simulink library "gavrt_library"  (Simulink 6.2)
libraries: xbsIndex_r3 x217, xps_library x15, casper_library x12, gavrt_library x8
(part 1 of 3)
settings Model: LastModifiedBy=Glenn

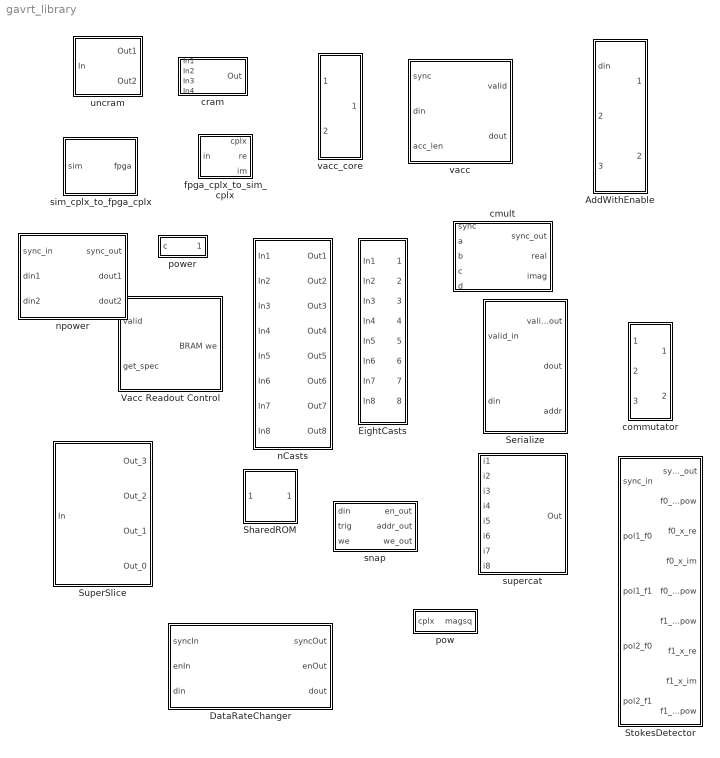
== system gavrt_library ==
  AddWithEnable : Subsystem  mask{acc_width=18, bin_pt=17, add_latency=1}
      mask prompts: acc_width "Output bit width"; bin_pt "Binary Point"; add_latency "Add Latency"
      mask help:
      | Adder with enable.
      | Used by the Addressable accumulator addracc.
      | toram = din + accen * fromram  (with latency add_latency)
      | rdout is for debugging
  DataRateChanger : Subsystem  mask(dataratechanger){input_length=3, ninputs=1, out_rate=1, in_bit_width=8, in_bin_pt=0, arith_type=0}
      mask prompts: input_length "Input Length (2^?)"; ninputs "Number of Simultaneous Inputs (2^?)"; out_rate "Output Rate (2^-?)"; in_bit_width "Input Bit Width"; in_bin_pt "Input Binary Point"; arith_type "Arithmetic Type (0=Unsigned, 1=Signed)"
      mask help:
      | Stores input data into a FIFO and then outputs the data at the specified data rate, cycling through inputs.
      | Thus if the input data looks like:
      | x0 x1 x2 x3 ...
      | y0 y1 y2 y3 ...
      | And the output rate is 2^-1, the output will look like this:
      | x0 x0 y0 y0 x1 x1 y1 y1 x2 x2 y2 y2...
      | enIn (enable In) should be high for 2^Input length clocks while the input data is valid.
      | *Currently enIn must be high in one burst of 2^Input length*
      | din should be all simultaneous inputs "crammed" together
      | enOut will be high for 2^(Input Length + Output Rate + Number of Simultaneous Inputs)
      | Arithmetic type and binary precision is only used for "uncramming" the input data
      mask init:
      | dataratechanger_init(gcb, 'input_length', input_length,...
      |     'ninputs', ninputs, ...
      |     'out_rate', out_rate,...
      |     'in_bit_width', in_bit_width,...
      |     'in_bin_pt', in_bin_pt,...
      |     'arith_type',arith_type);
  EightCasts : Subsystem  mask{nbits=0, bin_pt=0}
      mask prompts: nbits "Number of bits"; bin_pt "Binary Point"
      mask help: Eight casts to quickly connect ADC to FFT
  Serialize : Subsystem  mask(serialize){ninputs=8, in_width=8, depth=32, mux_latency=2}
      mask prompts: ninputs "Number of simultaneous inputs"; in_width "Input data bit width"; mux_latency "Mux Latency"
      mask help:
      | Takes concatenated parallel inputs and presents them one by one on dout. Designed to work with the Specacc block directly. valid_in should be high for 'depth' clocks while the data is present on din. After a short delay from when valid_in returns low, valid_out will go high and the first data will be present on dout and addr will be 0. addr increments for each subsequent output data.  dout(0) is the MSB of the first din word.
      | 'depth' must be a power of two and is the length of the input vectors. The output vector will be ninputs*depth long
      | This block can be directly connected to a Shared BRAM (provided dout is <= 32 bits).
      mask init:
      | serialize_init(gcb, ...
      |     'ninputs', ninputs, ...
      |     'in_width', in_width, ...
      |     'depth', depth, ...
      |     'mux_latency', mux_latency);
  SharedROM : Subsystem  mask(sharedrom){outwidth=327, depth=8192}
      mask prompts: outwidth "Output Bit Width"
      mask init:
      | sharedrom_init(gcb,...
      |     'outwidth', outwidth,...
      |     'depth', depth);
  StokesDetector : Subsystem  mask(stokes){bit_width=18, add_latency=2, mult_latency=3}
      mask prompts: bit_width "Bit Width"; add_latency "Add Latency"; mult_latency "Mult Latency"
      mask help: Compute cross products necessary for full stokes parameters
  SuperSlice : Subsystem  mask(superslice){slices=-1*ones(1,4)}
      mask prompts: slices "Slice pattern"
      mask help:
      | Slices the input word into consecutive outputs of arbitrary width.
      | Slice pattern should be a vector with each entry representing the width of that particular slice. The first entry is the MSB slice and the last is the LSB slice.
      | If a slice is given width -1, that slice will have a boolean output.
      | Ex: -1*ones(1,32)  -- Slice a 32 bit word into seperate boolean flags
      | [16, 8, -1*ones(1,8)] -- Slice a 32 bit word into the MSW, a byte, and the least significant 8 bits
      mask init:
      | superslice_init(gcb, 'slices', slices);
  Vacc Readout Control : Subsystem
      mask Description:
      | Designed for easily reading out vacc block with the PowerPC. Connect valid to the valid out of the vacc or serializer. Connect BRAM we to the we port of the Shared BRAM and make this bit available in a software register. Connect get_spec to a bit from a software register.
      | To read out an accumulation,
      | set get_spec high
      | wait for BRAM we to go low
      | read valid accumulation from Shared BRAM
      | set get_spec low
  cmult : Subsystem  mask(cmult_em){mult_latency=4, add_latency=3}
      mask prompts: mult_latency "Mult Latency"; add_latency "Add Latency"
      mask help: Perform a complex multiplication (a+bi)(c-di)=(ac-bd)+(ad+bc)i. Implements the logic in embedded multipliers.
  commutator : Subsystem  mask(commutator){ninputs=8, in_width=32, mux_latency=2}
      mask prompts: ninputs "Number of inputs"; in_width "Input width"; mux_latency "Mux Latency"
      mask help:
      | Used by the Serialize block.
      | din is concatenated parallel inputs. dout commutates through din from MSB to LSB.
      mask init:
      | commutator_init(gcb, ...
      |     'ninputs', ninputs, ...
      |     'in_width', in_width, ...
      |     'mux_latency', mux_latency);
  cram : Subsystem  mask(cram){num_slice=4}
      mask prompts: num_slice "Number of slices"
      mask help: Concatenates inputs together after forcing binary point to zero.
      mask init:
      | cram_init(gcb, ...
      |     'num_slice', num_slice);
  fpga_cplx_to_sim_cplx : Subsystem  mask{width=18}
      mask prompts: width "Data Width"
      mask help: Converts a Casper complex to a Simulink complex
      mask init:
      | set_param(gcb, 'AttributesFormatString', sprintf('%d_%d bit',width,width-1));
      settings: AttributesFormatString=18_17 bit
  nCasts : Subsystem  mask(ncasts){ncasts=8, arith_type=0, nbits=8, bin_pt=3}
      mask prompts: ncasts "Number of Casts"; arith_type "Arithmetic Type (0=Unsigned, 1=Signed, 2=Boolean)"; nbits "Output Bit Width"; bin_pt "Binary Point"
      mask init:
      | ncasts_init(gcb, ...
      |     'ncasts', ncasts, ...
      |     'arith_type', arith_type, ...
      |     'nbits', nbits, ...
      |     'bin_pt', bin_pt);
  npower : Subsystem  mask(npower){n_inputs=2, in_width=18, add_latency=2, mult_latency=3}
      mask prompts: n_inputs "Number of inputs"; in_width "Input Bit Width"; add_latency "Add Latency"; mult_latency "Mult Latency"
      mask init:
      | npower_init(gcb, ...
      |     'n_inputs', n_inputs, ...
      |     'in_width', in_width, ...
      |     'add_latency', add_latency, ...
      |     'mult_latency', mult_latency)
      settings: AttributesFormatString=latency=5
  pow : Subsystem  mask{bit_width=18, add_latency=2, mult_latency=3}
      mask prompts: bit_width "Bit Width"; add_latency "Add Latency"; mult_latency "Mult Latency"
  power : Subsystem  mask{BitWidth=18, add_latency=2, mult_latency=3}
      mask prompts: BitWidth "Bit Width"; add_latency "Add Latency"; mult_latency "Mult Latency"
  sim_cplx_to_fpga_cplx : Subsystem  mask{width=18}
      mask prompts: width "Data Width"
      mask help:
      | Converts a Simulink complex to fixed point and concatenates it to a Casper complex.
      | Output is two Fix_width_(width-1) numbers concatenated.
      mask init:
      | set_param(gcb, 'AttributesFormatString', sprintf('%d_%d bit',width,width-1));
      settings: AttributesFormatString=18_17 bit
  snap : Subsystem  mask(snap64){nsamples=13, latency=4}
      mask prompts: nsamples "No. of samples(2^?)"; latency "Register Latency"
      mask help:
      | The <i>snap</i> block provides a packaged solution to capturing data from
      | the FPGA fabric and making it accessible from the CPU.  The block comes in
      | 2 flavors: <i>snap</i> (which captures to a 32 bit wide Shared BRAM), and
      | <i>snap64</i> (which captures to 2x32 bit wide Shared BRAMs to effect a
      | 64 bit capture).
      | en_out provides access to the ctrl[en] bit
      | addr_out and we_out can be used to control additional BRAMs to allow for wider captures than 64 bits.
      | Register latency specifies how many levels of registers to use between the control logic and the software registers and Shared BRAMs. Adding latency can help timing when compiling at 250 MHz
      mask Help: eval('xlWeb([getenv(''MLIB_ROOT''), ''\casper_library\doc\snap_usage.html''])')
  supercat : Subsystem  mask(supercat){n=8}
      mask prompts: n "Number of Inputs"
      mask init:
      | supercat_init(gcb, 'n', n);
  uncram : Subsystem  mask(uncram){num_slice=2, slice_width=18, bin_pt=17, arith_type=1}
      mask prompts: num_slice "Number of slices"; slice_width "Slice Width"; bin_pt "Output Binary Point"; arith_type "Output Arithmetic Type (0=Unsigned, 1=Signed)"
      mask help: Takes a concatenated input and slices it up into even pieces and reinterprets them as signed fixed point numbers with a given binary point.
      mask init:
      | uncram_init(gcb, ...
      |     'num_slice', num_slice, ...
      |     'slice_width', slice_width, ...
      |     'bin_pt', bin_pt, ...
      |     'arith_type', arith_type);
      settings: AttributesFormatString=Fix_18_17
  vacc : Subsystem  mask(vacc){veclen=8, ninputs=4, max_accum=16, arith_type=0, in_bit_width=32, in_bin_pt=31, out_bit_width=48, out_bin_pt=31, register_din=0, add_latency=2, bram_latency=2, mux_latency=1}
      mask prompts: veclen "Vector Length (2^?)"; ninputs "Number of Simultaneous Vectors"; max_accum "Maximum # Accumulations (2^?)"; arith_type "Arithmetic Type (0=Unsigned, 1=Signed)"; in_bit_width "Input Bit Width"; in_bin_pt "Input Binary Point"; out_bit_width "Output Bit Width"; out_bin_pt "Output Binary Point"; register_din "Register Input Data  (1 = Enable Register Retiming on input delay)"; add_latency "Add Latency"; bram_latency "BRAM Latency"; mux_latency "Mux Latency"
      mask help:
      | Sync is expected the clock before the first data to be accumulated.
      | Use the Cram block to feed din for multiple simultaneous inputs.
      | acc_len is the number of vectors to sum.
      | valid is high while a valid accumulation is being clocked out on dout.
      | If only one sync pulse is provided, valid accumulations will repeatedly appear on dout as they become available.
      | Undesired behavior may occur if acc_len is changed without a new sync pulse.
      | Note: The output is an unsigned concatenation of the output streams. Thus, even with only one stream, the output must be recast before using.
      | Register Input Data controls the "Enable Register Retiming" parameter of the delays on 'din'.
      mask init:
      | vacc_init(gcb, ...
      |     'veclen', veclen, ...
      |     'ninputs', ninputs, ...
      |     'max_accum', max_accum, ...
      |     'arith_type', arith_type, ...
      |     'in_bit_width', in_bit_width, ...
      |     'in_bin_pt', in_bin_pt, ...
      |     'out_bit_width', out_bit_width, ...
      |     'out_bin_pt', out_bin_pt, ...
      |     'register_din', register_din, ...
      |     'add_latency', add_latency, ...
      |     'bram_latency', bram_latency, ...
      |     'mux_latency', mux_latency);
      settings: AttributesFormatString=|
      | vector length=256, inputs=4
      | max accumulations=2^16
  vacc_core : Subsystem  mask(vacc_core){veclen=16, arith_type=0, out_bit_width=14, out_bin_pt=0, add_latency=2, bram_latency=2, mux_latency=1}
      mask prompts: veclen "Vector Length"; arith_type "Arithmetic Type (0=Unsigned, 1=Signed)"; out_bit_width "Output Bit Width"; out_bin_pt "Output Binary Point"; add_latency "Add Latency"; bram_latency "BRAM Latency"; mux_latency "Mux Latency"
      mask help:
      | Currently only Signed arithmetic supported
      | acc_en = 0 --> Load a vector (start a new accumulation)
      | acc_en = 1 --> Accumulate
      mask init:
      | vacc_core_init(gcb, ...
      |     'veclen', veclen, ...
      |     'arith_type', arith_type, ...
      |     'out_bit_width', out_bit_width, ...
      |     'out_bin_pt', out_bin_pt, ...
      |     'add_latency', add_latency, ...
      |     'bram_latency', bram_latency, ...
      |     'mux_latency', mux_latency);

== system gavrt_library/AddWithEnable ==
  din : Inport  Port=1  LatchInput=off
  accen : Inport  Port=2  LatchInput=off
  fromram : Inport  Port=3  LatchInput=off
  AddSub : xbsIndex_r3/AddSub  mode=Addition  precision=Full  arith_type=Unsigned  n_bits=8  bin_pt=2  quantization=Truncate  overflow=Wrap  latency=add_latency  explicit_period=off  period=1  use_carryin=off  use_carryout=off  en=off  dbl_ovrd=off  show_param=on  use_core=on  pipeline=on  use_rpm=on  gen_core=off
      settings: xl_area=[0, 0, 0, 0, 0, 0, 0]
  Constant1 : xbsIndex_r3/Constant  const=0  equ=P=C  arith_type="Signed  (2's comp)"  n_bits=acc_width  bin_pt=bin_pt  opselect=C  inp2=PCIN>>17  opr=+  inp1=P  carry=CIN  iostate=0  explicit_period=on  period=1  dbl_ovrd=off
  Convert2 : xbsIndex_r3/Convert  arith_type="Signed  (2's comp)"  n_bits=acc_width  bin_pt=bin_pt  quantization=Truncate  overflow=Wrap  latency=0  explicit_period=off  period=1  dbl_ovrd=off  show_param=off  inserted_by_tool=off  pipeline=off
      settings: xl_area=[0, 0, 0, 0, 0, 0, 0]
  Mux : xbsIndex_r3/Mux  inputs=2  precision=Full  arith_type="Signed  (2's comp)"  n_bits=8  bin_pt=2  quantization=Truncate  overflow=Wrap  latency=0  explicit_period=off  period=1  en=off  dbl_ovrd=off  show_param=off  mux_type=off  use_rpm=off  gen_core=off
      settings: xl_area=[0, 0, 0, 0, 0, 0, 0]
  Reinterpret : xbsIndex_r3/Reinterpret  force_arith_type=on  arith_type="Signed  (2's comp)"  force_bin_pt=on  bin_pt=bin_pt  force_valid=on
  Reinterpret1 : xbsIndex_r3/Reinterpret  force_arith_type=on  arith_type=Unsigned  force_bin_pt=on  bin_pt=0  force_valid=on
  toram : Outport
  rdout : Outport  Port=2
  wires:
  Constant1/1 -> Mux/2
  Reinterpret/1 -> Mux/3, rdout/1
  Mux/1 -> AddSub/2
  AddSub/1 -> Convert2/1
  Convert2/1 -> Reinterpret1/1
  din/1 -> AddSub/1
  accen/1 -> Mux/1
  Reinterpret1/1 -> toram/1
  fromram/1 -> Reinterpret/1

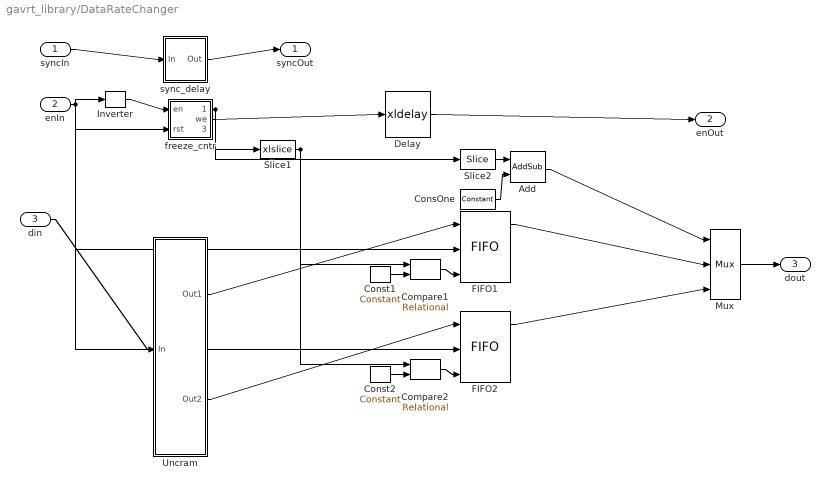
== system gavrt_library/DataRateChanger ==
  syncIn : Inport  Port=1  LatchInput=off
  enIn : Inport  Port=2  LatchInput=off
  din : Inport  Port=3  LatchInput=off
  Add : xbsIndex_r3/AddSub  mode=Addition  precision=User Defined  arith_type=Unsigned  n_bits=1  bin_pt=0  quantization=Truncate  overflow=Wrap  latency=0  explicit_period=off  period=1  use_carryin=off  use_carryout=off  en=off  dbl_ovrd=off  show_param=off  use_core=on  pipeline=off  use_rpm=on  gen_core=off
      settings: xl_area=[0, 0, 0, 0, 0, 0, 0]
  Compare1 : xbsIndex_r3/Relational  mode=a=b  latency=0  explicit_period=off  period=1  en=off  dbl_ovrd=off  show_param=off
      settings: xl_area=[0, 0, 0, 0, 0, 0, 0]
  Compare2 : xbsIndex_r3/Relational  mode=a=b  latency=0  explicit_period=off  period=1  en=off  dbl_ovrd=off  show_param=off
      settings: xl_area=[0, 0, 0, 0, 0, 0, 0]
  ConsOne : xbsIndex_r3/Constant  const=1  equ=P=C  arith_type=Unsigned  n_bits=1  bin_pt=0  opselect=C  inp2=PCIN>>17  opr=+  inp1=P  carry=CIN  iostate=0  explicit_period=off  period=1  dbl_ovrd=off
  Const1 : xbsIndex_r3/Constant  const=1  equ=P=C  arith_type=Unsigned  n_bits=2  bin_pt=0  opselect=C  inp2=PCIN>>17  opr=+  inp1=P  carry=CIN  iostate=0  explicit_period=off  period=1  dbl_ovrd=off
  Const2 : xbsIndex_r3/Constant  const=3  equ=P=C  arith_type=Unsigned  n_bits=2  bin_pt=0  opselect=C  inp2=PCIN>>17  opr=+  inp1=P  carry=CIN  iostate=0  explicit_period=off  period=1  dbl_ovrd=off
  Delay : S-Function  AncestorBlock=xbsIndex_r3/Delay  FunctionName=xldelay  Parameters=sfcn_mwsv__  mask(Xilinx Delay Block){latency=3, reg_retiming=off, explicit_period=off, period=1, en=off, accept_only_valid=off, init_zero=on, dbl_ovrd=off, show_param=off, xl_area=[0, 0, 0, 0, 0, 0, 0], xl_use_area=off}
      mask prompts: reg_retiming "Enable Register Retiming"; explicit_period "Use Explicit Sample Period"; period "Sample Period  (use -1 to inherit first known input period)"; en "Provide Enable Port"; accept_only_valid "Shift In Only Valid Data"; init_zero "Initialize with Zeros (otherwise Invalid)"; dbl_ovrd "Override with Doubles"; show_param "---------------------- Show Implementation Parameters -----------------------------------------------------------------------------------"; xl_area "FPGA Area [Slices, FFs, BRAMs, LUTs, IOBs, Emb. Mults, TBUFs]"; xl_use_area "Use Area Above For Estimation"
      mask help:
      | Delay line having  configurable length.
      |
      | Hardware notes: A delay line is a chain, each link of which is an SRL16 followed by a flip-flop. If register retiming is enabled, the delay line is a chain of flip-flops.
      mask init:
      | rst = 0;
      | [enPortNum,enPortStr,rstPortNum,rstPortStr] = xlport_en_rst(en,rst,2);
      | str = sprintf('-%d',latency);
      | [designRoot, family, part, speed, package, simulinkPeriod, sysclkPeriod, dbl_ovrd, trimVbit] = xlSysgenSettings(gcb,1,1);
      | [bg,fg] = xlcmap('XBlock',dbl_ovrd);
      | iPos = get_param(gcb,'Position');
      | iWidth=iPos(3)-iPos(1); iHeight=iPos(4)-iPos(2);
      | iCx=iWidth/2;
      | iCy=iHeight/2;
      | [logoX, logoY] = xlogo(iPos);
      | 
      | 
      | % one time added for param list
      | dblOvrd = dbl_ovrd;
      | vOnly = accept_only_valid;
      | initZero = init_zero;
      | precision0 = 1;
      | z0 = [0 0 1 1 1];
      | explicitClk = explicit_period;
      | 
      | hasRST = rst;
      | hasEN = en;
      | % just pass everything to s-function
      | sfcn_mwsv__ = get_param(gcb, 'MaskWSVariables');
      mask Help: eval('xlWeb(xlhtmldoclink(''Delay''))');
      mask CallbackString: ||xlMagicCallback||||||xlShowIPCallback||
      mask Display:
      | patch([0 iWidth iWidth 0],[0 0 iHeight iHeight] , bg);
      | patch(logoX,logoY , fg);
      | text(iCx-6,iCy,'z');
      | text(iCx,iCy+4,str);
      | port_label('input',enPortNum,enPortStr);
      | ;plot([0 0 iWidth iWidth 0], [0 iHeight iHeight 0 0]);
  FIFO1 : xbsIndex_r3/FIFO  depth=16  percent_nbits=1  store_only_valid=on  init_zero=on  explicit_period=off  period=1  rst=off  en=off  use_almost_empty=off  almost_empty_offset=6  use_almost_full=off  almost_full_offset=6  dbl_ovrd=off  show_param=off  mem_type=Block RAM  gen_core=off
      settings: xl_area=[0, 0, 0, 0, 0, 0, 0]
  FIFO2 : xbsIndex_r3/FIFO  depth=16  percent_nbits=1  store_only_valid=on  init_zero=on  explicit_period=off  period=1  rst=off  en=off  use_almost_empty=off  almost_empty_offset=6  use_almost_full=off  almost_full_offset=6  dbl_ovrd=off  show_param=off  mem_type=Block RAM  gen_core=off
      settings: xl_area=[0, 0, 0, 0, 0, 0, 0]
  Inverter : xbsIndex_r3/Inverter  latency=0  explicit_period=off  period=1  en=off  dbl_ovrd=off  show_param=off
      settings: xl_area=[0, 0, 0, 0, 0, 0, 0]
..........
* PROMPT *
Beginning with the line in which "for param list" appears, set down each line through the last one in the listing, unchanged and with no extras.

* TASK SOLUTION *
      | % one time added for param list
      | dblOvrd = dbl_ovrd;
      | vOnly = accept_only_valid;
      | initZero = init_zero;
      | precision0 = 1;
      | z0 = [0 0 1 1 1];
      | explicitClk = explicit_period;
      | 
      | hasRST = rst;
      | hasEN = en;
      | % just pass everything to s-function
      | sfcn_mwsv__ = get_param(gcb, 'MaskWSVariables');
      mask Help: eval('xlWeb(xlhtmldoclink(''Delay''))');
      mask CallbackString: ||xlMagicCallback||||||xlShowIPCallback||
      mask Display:
      | patch([0 iWidth iWidth 0],[0 0 iHeight iHeight] , bg);
      | patch(logoX,logoY , fg);
      | text(iCx-6,iCy,'z');
      | text(iCx,iCy+4,str);
      | port_label('input',enPortNum,enPortStr);
      | ;plot([0 0 iWidth iWidth 0], [0 iHeight iHeight 0 0]);
  FIFO1 : xbsIndex_r3/FIFO  depth=16  percent_nbits=1  store_only_valid=on  init_zero=on  explicit_period=off  period=1  rst=off  en=off  use_almost_empty=off  almost_empty_offset=6  use_almost_full=off  almost_full_offset=6  dbl_ovrd=off  show_param=off  mem_type=Block RAM  gen_core=off
      settings: xl_area=[0, 0, 0, 0, 0, 0, 0]
  FIFO2 : xbsIndex_r3/FIFO  depth=16  percent_nbits=1  store_only_valid=on  init_zero=on  explicit_period=off  period=1  rst=off  en=off  use_almost_empty=off  almost_empty_offset=6  use_almost_full=off  almost_full_offset=6  dbl_ovrd=off  show_param=off  mem_type=Block RAM  gen_core=off
      settings: xl_area=[0, 0, 0, 0, 0, 0, 0]
  Inverter : xbsIndex_r3/Inverter  latency=0  explicit_period=off  period=1  en=off  dbl_ovrd=off  show_param=off
      settings: xl_area=[0, 0, 0, 0, 0, 0, 0]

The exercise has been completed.